■ **Available records**
● ● ●

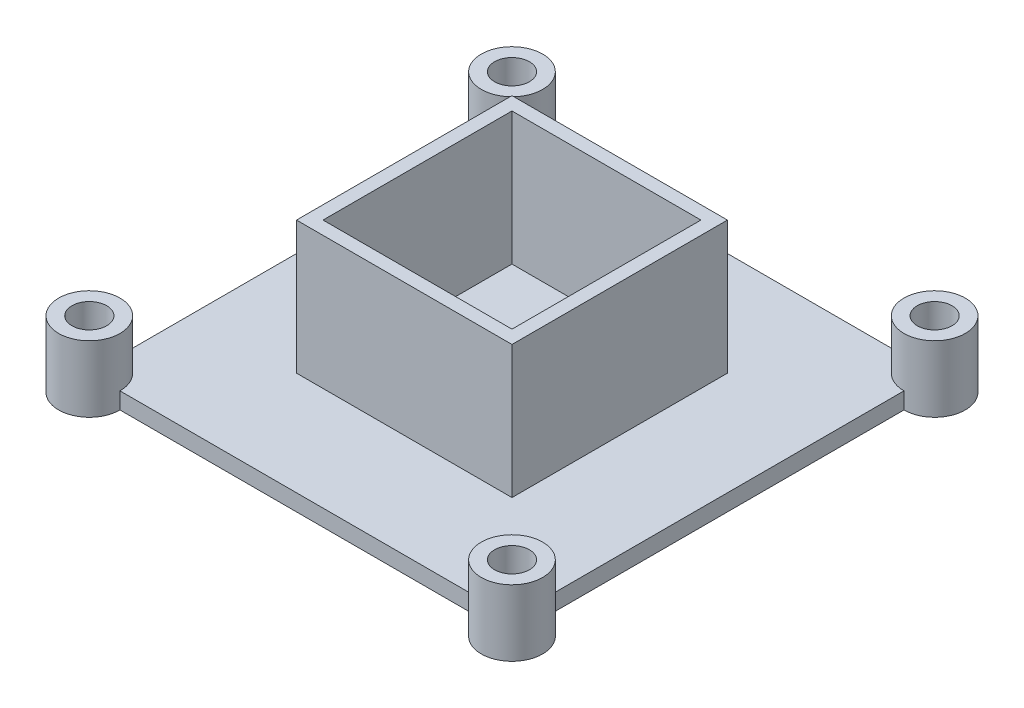
SolidWorks part; units mm, degrees
ref_plane "Front Plane" through (0, 0, 0) normal (0, 0, 1) x (1, 0, 0)
ref_plane "Top Plane" through (0, 0, 0) normal (0, 1, 0) x (1, 0, 0)
ref_plane "Right Plane" through (0, 0, 0) normal (1, 0, 0) x (0, 0, -1)
sketch "Sketch1" plane through (0, 0, 0) normal (0, 1, 0) x (1, 0, 0)
  line L1 (-10.5, -10.5) -> (15, -10.5)
  line L2 (-10.5, -10.5) -> (-10.5, 15)
  line L3 (-10.5, 15) -> (15, 15)
  line L4 (15, -10.5) -> (15, 15)
  circle A8 centre (-10.5, 15) radius 1.05
  circle A9 centre (15, 15) radius 1.05
  circle A10 centre (-10.5, -10.5) radius 1.05
  circle A11 centre (15, -10.5) radius 1.05
  circle A12 centre (-10.5, 15) radius 1.85
  circle A13 centre (15, 15) radius 1.85
  circle A14 centre (15, -10.5) radius 1.85
  circle A15 centre (-10.5, -10.5) radius 1.85
  point P0 (0, 0)
  point P6 (0, 0)
  dimension "D3" = 2.1
  dimension "D4" = 3.7
  dimension "D1" = 25.5
  dimension "D2" = 25.5
extrude "Boss-Extrude2" add sketch "Sketch1" against normal blind 1 contours A15 L1 A14 L4 A13 L3 A12 L2 | L2 A12 L3 A8 | L3 A12 L2 A8 | L2 A15 L1 A10 | L1 A15 L2 A10 | L1 A14 L4 A11 | L4 A14 L1 A11 | L4 A13 L3 A9 | L3 A13 L4 A9 | A14 | A11 region at (-9.5535, 0, 9.5535) region at (-9.05, 0, 10.5523) region at (2.25, 0, -2.25) region at (14.0535, 0, 9.5535) region at (13.55, 0, 10.5523) region at (-11.7711, 0, -16.2711) region at (-9.5535, 0, -14.0535) region at (14.0535, 0, -14.0535) region at (15.0523, 0, -13.55)
extrude "Boss-Extrude4" add sketch "Sketch1<5>" along normal blind 3 contours L4 A14 L1 A11 | L1 A14 L4 A11 | L3 A13 L4 A9 | L4 A13 L3 A9 | L1 A15 L2 A10 | L2 A15 L1 A10 | L3 A12 L2 A8 | L2 A12 L3 A8
sketch "Sketch1<5>" plane through (0, 0, 0) normal (0, 1, 0) x (1, 0, 0) same geometry as "Sketch1"
sketch "Sketch2" plane through (0, 0, 0) normal (0, 1, 0) x (1, 0, 0)
  line L0 (15, -10.5) -> (-10.5, 15) construction
  line L1 (15, 15) -> (-10.5, -10.5) construction
  line L2 (7.95, -3.45) -> (7.95, 7.95)
  line L3 (8.75, -4.25) -> (-4.25, -4.25)
  line L4 (8.75, -4.25) -> (8.75, 8.75)
  line L5 (8.75, 8.75) -> (-4.25, 8.75)
  line L6 (-4.25, -4.25) -> (-4.25, 8.75)
  line L7 (8.75, -4.25) -> (-4.25, 8.75) construction
  line L8 (8.75, 8.75) -> (-4.25, -4.25) construction
  line L9 (7.95, 7.95) -> (-3.45, 7.95)
  line L10 (-3.45, -3.45) -> (-3.45, 7.95)
  line L11 (7.95, -3.45) -> (-3.45, -3.45)
  point P7 (2.25, 2.25)
  dimension "D1" = 13
  dimension "D2" = 13
  dimension "D3" = 0.8
extrude "Boss-Extrude5" add sketch "Sketch2" along normal blind 8

● ● ●

■ **Task objective**
Your task is to reproduce, exactly and exclusively, the lines from the one holding "line L10 (-3.45, -3.45) -> (-3.45, 7.95)" through the final line of the listing.

■ **Exercise result**
  line L10 (-3.45, -3.45) -> (-3.45, 7.95)
  line L11 (7.95, -3.45) -> (-3.45, -3.45)
  point P7 (2.25, 2.25)
  dimension "D1" = 13
  dimension "D2" = 13
  dimension "D3" = 0.8
extrude "Boss-Extrude5" add sketch "Sketch2" along normal blind 8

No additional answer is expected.